### WORK REQUIRED
I need the lines below from the one with "- added D56: LED, LED_SMD:LED_0402_1005Metric, F.Cu" down to the one with "- added D70: LED, LED_SMD:LED_0402_1005Metric, F.Cu" reproduced exactly, both ends included, and nothing else.

### DATA SHOWN
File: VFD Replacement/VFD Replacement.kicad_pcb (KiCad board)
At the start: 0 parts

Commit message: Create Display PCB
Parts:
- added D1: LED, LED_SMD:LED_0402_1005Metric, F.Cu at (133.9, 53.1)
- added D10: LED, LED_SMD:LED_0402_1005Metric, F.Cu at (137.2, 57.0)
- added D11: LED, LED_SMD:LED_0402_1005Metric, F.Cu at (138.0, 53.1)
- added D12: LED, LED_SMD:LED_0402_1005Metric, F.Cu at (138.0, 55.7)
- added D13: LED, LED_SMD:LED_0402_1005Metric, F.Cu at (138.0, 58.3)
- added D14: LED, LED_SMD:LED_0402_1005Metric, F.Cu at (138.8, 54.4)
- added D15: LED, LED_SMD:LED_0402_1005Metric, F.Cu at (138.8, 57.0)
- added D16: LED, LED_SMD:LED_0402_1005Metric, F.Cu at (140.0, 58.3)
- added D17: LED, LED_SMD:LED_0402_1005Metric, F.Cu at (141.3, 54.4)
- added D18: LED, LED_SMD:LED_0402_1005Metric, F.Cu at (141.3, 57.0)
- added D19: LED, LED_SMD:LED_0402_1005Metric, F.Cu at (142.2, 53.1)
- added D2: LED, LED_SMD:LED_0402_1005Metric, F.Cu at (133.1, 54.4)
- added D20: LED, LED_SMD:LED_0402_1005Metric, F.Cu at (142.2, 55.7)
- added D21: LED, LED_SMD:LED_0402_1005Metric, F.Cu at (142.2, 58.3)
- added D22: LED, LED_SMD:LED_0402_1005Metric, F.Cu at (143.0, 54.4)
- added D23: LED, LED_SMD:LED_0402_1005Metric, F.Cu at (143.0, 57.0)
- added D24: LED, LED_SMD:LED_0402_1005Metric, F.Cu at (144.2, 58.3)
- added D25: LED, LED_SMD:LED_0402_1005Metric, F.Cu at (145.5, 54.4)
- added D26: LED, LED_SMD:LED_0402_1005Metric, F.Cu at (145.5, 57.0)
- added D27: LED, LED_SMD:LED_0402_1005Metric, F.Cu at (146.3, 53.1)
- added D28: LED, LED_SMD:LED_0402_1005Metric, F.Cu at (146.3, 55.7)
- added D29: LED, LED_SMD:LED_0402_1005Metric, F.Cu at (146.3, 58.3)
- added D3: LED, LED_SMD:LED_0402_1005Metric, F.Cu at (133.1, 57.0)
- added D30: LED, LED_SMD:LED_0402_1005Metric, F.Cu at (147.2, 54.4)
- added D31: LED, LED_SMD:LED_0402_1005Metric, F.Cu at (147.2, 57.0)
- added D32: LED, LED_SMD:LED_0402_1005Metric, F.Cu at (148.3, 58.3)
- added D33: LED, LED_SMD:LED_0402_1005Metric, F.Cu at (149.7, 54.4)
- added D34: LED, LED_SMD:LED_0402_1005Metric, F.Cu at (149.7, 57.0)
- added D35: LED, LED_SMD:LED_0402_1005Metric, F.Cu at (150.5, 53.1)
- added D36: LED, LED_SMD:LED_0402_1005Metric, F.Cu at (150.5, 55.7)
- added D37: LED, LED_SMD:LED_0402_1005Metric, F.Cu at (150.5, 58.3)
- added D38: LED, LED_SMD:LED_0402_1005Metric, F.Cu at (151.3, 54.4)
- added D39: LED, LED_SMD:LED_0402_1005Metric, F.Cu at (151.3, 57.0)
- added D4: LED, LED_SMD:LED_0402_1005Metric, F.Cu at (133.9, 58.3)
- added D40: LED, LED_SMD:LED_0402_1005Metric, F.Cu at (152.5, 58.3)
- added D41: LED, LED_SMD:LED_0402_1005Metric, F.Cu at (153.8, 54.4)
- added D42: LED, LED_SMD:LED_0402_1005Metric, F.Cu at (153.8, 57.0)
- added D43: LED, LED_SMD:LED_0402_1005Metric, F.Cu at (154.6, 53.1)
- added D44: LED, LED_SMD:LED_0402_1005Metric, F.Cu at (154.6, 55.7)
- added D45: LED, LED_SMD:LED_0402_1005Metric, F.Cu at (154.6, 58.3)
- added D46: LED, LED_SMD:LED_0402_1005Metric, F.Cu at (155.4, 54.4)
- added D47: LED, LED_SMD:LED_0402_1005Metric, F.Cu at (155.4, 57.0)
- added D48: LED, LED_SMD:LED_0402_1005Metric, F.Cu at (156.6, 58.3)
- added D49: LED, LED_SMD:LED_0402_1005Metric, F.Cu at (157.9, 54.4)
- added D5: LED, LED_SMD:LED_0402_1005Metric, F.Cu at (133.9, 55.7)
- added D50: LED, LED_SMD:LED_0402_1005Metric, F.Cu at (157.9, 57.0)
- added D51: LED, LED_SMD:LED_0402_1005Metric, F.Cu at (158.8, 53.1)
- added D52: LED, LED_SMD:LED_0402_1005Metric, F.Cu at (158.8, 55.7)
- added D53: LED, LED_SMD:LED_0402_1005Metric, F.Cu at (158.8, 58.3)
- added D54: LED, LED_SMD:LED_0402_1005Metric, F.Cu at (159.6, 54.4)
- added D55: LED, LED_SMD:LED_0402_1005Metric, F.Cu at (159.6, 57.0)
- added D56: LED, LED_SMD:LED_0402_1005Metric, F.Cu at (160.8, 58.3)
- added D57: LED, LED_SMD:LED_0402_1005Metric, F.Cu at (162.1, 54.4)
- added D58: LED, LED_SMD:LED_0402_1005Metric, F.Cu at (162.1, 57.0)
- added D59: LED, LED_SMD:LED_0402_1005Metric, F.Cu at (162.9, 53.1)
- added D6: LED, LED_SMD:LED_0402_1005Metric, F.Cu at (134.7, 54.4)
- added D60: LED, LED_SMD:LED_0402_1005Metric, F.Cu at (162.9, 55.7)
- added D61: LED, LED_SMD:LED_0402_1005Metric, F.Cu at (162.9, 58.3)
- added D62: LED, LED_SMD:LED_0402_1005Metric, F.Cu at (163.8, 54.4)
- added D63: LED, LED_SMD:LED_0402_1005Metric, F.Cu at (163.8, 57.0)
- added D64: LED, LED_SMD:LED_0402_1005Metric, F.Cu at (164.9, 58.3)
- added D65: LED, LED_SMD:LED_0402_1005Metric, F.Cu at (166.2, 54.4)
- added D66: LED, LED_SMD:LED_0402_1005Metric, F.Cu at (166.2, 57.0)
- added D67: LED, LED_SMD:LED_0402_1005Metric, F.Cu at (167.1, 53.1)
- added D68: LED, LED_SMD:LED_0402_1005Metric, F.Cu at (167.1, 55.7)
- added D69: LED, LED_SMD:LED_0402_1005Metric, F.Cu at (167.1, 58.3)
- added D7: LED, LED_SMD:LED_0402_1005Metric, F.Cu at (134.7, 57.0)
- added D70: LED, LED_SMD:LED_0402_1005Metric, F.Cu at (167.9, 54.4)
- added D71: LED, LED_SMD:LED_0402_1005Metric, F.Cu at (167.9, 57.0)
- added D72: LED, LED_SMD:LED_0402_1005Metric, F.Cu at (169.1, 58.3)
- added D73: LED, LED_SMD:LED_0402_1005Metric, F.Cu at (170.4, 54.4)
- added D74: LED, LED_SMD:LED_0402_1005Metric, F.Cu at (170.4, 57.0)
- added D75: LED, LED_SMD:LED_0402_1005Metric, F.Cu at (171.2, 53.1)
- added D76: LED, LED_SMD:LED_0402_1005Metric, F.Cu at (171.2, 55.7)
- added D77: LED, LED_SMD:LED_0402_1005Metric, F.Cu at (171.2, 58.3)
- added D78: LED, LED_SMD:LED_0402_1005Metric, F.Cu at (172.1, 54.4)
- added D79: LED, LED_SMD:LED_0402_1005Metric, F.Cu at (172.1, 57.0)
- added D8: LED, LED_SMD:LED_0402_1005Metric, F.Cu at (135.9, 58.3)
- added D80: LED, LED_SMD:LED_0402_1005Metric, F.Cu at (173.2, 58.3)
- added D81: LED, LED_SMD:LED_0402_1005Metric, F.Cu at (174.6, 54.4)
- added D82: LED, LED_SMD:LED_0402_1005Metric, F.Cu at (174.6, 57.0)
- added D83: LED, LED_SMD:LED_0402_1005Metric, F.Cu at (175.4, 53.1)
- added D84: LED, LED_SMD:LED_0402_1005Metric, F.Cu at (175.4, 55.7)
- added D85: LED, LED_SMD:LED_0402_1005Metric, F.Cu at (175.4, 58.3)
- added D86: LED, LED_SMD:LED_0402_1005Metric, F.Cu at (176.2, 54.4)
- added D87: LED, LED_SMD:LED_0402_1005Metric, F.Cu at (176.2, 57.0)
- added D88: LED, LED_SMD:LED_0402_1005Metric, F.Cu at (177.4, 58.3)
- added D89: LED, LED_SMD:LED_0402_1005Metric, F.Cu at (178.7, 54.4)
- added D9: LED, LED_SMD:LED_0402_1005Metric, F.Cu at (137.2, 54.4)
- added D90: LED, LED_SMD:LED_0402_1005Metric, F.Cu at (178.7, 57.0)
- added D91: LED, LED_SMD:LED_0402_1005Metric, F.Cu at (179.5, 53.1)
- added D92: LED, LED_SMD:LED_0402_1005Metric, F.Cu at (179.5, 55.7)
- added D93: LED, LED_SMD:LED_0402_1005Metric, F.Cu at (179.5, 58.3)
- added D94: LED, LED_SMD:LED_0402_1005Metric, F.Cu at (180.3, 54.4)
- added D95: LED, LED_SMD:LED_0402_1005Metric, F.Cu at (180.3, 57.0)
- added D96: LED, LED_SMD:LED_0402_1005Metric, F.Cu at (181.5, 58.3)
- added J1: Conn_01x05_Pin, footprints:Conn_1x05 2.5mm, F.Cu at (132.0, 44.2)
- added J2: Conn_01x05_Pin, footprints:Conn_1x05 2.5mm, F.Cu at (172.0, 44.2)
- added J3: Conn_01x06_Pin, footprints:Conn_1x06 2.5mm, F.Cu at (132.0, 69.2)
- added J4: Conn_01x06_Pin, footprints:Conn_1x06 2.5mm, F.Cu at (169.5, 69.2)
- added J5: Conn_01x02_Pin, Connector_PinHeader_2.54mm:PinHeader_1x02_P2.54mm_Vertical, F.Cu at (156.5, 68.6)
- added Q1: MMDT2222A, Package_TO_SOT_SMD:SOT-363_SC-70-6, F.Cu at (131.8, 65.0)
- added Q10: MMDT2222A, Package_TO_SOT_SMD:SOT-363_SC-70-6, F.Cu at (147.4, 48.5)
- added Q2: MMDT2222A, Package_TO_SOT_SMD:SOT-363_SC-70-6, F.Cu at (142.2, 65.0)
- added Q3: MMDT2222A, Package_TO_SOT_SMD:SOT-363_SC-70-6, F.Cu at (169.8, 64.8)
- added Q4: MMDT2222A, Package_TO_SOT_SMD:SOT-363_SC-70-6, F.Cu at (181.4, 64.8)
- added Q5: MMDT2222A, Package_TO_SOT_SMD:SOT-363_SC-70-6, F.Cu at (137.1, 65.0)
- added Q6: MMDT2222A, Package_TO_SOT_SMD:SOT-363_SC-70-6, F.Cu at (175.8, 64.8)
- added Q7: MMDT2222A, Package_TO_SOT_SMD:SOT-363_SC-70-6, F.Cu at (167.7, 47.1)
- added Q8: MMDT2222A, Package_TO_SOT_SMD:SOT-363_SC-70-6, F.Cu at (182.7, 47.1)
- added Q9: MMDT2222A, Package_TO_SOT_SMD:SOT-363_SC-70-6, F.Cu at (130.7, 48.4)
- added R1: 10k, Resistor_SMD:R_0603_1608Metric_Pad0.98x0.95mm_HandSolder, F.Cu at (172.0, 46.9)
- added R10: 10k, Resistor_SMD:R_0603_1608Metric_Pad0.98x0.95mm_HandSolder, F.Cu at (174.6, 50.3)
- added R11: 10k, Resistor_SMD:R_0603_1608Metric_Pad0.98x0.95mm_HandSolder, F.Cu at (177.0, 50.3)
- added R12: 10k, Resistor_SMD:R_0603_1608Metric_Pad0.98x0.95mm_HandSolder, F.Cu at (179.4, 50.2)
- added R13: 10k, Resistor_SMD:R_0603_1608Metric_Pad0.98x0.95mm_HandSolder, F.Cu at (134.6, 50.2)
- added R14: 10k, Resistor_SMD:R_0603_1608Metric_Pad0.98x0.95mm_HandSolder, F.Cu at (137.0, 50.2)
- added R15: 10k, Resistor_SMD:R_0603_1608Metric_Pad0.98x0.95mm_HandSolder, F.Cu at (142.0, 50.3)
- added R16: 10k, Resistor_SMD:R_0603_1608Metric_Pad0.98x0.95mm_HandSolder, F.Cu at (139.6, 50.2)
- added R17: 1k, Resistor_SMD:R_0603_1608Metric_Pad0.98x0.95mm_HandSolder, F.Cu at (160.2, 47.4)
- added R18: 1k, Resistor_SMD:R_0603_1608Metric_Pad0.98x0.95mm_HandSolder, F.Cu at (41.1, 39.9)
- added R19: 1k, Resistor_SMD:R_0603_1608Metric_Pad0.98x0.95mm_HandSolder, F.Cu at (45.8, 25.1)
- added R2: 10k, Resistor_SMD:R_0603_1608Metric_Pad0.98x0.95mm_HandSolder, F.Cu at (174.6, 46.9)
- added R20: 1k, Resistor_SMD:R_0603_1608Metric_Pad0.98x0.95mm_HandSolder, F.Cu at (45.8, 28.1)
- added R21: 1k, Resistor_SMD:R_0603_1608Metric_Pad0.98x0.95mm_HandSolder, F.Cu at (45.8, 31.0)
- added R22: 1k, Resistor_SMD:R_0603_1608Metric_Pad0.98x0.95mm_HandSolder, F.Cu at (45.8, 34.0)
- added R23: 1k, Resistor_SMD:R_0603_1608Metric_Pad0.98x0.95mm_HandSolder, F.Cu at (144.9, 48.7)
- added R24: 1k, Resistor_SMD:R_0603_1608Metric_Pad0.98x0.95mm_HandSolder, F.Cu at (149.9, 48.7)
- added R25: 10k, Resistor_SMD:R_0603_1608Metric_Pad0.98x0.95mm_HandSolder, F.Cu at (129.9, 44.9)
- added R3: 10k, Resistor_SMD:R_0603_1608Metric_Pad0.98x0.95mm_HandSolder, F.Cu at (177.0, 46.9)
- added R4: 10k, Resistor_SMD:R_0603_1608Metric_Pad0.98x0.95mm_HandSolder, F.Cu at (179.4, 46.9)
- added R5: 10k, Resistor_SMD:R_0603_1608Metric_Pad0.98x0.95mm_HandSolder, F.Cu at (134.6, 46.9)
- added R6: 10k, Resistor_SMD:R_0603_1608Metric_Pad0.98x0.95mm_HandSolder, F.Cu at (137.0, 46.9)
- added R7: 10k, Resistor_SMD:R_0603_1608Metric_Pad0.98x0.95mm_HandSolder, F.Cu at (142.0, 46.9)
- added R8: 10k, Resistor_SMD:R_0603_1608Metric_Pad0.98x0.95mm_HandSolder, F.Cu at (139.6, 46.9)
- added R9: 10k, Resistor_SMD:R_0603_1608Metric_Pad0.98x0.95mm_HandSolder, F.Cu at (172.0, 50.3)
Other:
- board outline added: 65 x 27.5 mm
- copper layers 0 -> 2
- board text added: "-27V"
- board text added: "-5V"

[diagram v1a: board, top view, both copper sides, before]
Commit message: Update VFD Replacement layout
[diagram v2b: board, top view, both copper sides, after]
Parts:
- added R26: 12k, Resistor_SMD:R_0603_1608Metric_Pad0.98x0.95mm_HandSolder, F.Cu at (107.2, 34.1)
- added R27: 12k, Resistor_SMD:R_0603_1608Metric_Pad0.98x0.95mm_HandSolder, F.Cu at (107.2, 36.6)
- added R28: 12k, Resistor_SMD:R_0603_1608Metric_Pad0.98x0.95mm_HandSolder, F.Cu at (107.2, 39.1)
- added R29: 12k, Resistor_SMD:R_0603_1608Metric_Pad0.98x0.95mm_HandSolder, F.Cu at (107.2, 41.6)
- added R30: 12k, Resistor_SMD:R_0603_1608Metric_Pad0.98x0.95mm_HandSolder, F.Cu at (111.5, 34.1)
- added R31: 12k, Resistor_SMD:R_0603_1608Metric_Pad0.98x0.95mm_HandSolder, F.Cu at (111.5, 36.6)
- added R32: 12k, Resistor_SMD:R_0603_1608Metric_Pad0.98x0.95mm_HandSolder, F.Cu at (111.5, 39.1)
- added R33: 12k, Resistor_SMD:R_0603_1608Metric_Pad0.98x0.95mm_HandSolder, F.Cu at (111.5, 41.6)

### TASK ANSWER
- added D56: LED, LED_SMD:LED_0402_1005Metric, F.Cu at (160.8, 58.3)
- added D57: LED, LED_SMD:LED_0402_1005Metric, F.Cu at (162.1, 54.4)
- added D58: LED, LED_SMD:LED_0402_1005Metric, F.Cu at (162.1, 57.0)
- added D59: LED, LED_SMD:LED_0402_1005Metric, F.Cu at (162.9, 53.1)
- added D6: LED, LED_SMD:LED_0402_1005Metric, F.Cu at (134.7, 54.4)
- added D60: LED, LED_SMD:LED_0402_1005Metric, F.Cu at (162.9, 55.7)
- added D61: LED, LED_SMD:LED_0402_1005Metric, F.Cu at (162.9, 58.3)
- added D62: LED, LED_SMD:LED_0402_1005Metric, F.Cu at (163.8, 54.4)
- added D63: LED, LED_SMD:LED_0402_1005Metric, F.Cu at (163.8, 57.0)
- added D64: LED, LED_SMD:LED_0402_1005Metric, F.Cu at (164.9, 58.3)
- added D65: LED, LED_SMD:LED_0402_1005Metric, F.Cu at (166.2, 54.4)
- added D66: LED, LED_SMD:LED_0402_1005Metric, F.Cu at (166.2, 57.0)
- added D67: LED, LED_SMD:LED_0402_1005Metric, F.Cu at (167.1, 53.1)
- added D68: LED, LED_SMD:LED_0402_1005Metric, F.Cu at (167.1, 55.7)
- added D69: LED, LED_SMD:LED_0402_1005Metric, F.Cu at (167.1, 58.3)
- added D7: LED, LED_SMD:LED_0402_1005Metric, F.Cu at (134.7, 57.0)
- added D70: LED, LED_SMD:LED_0402_1005Metric, F.Cu at (167.9, 54.4)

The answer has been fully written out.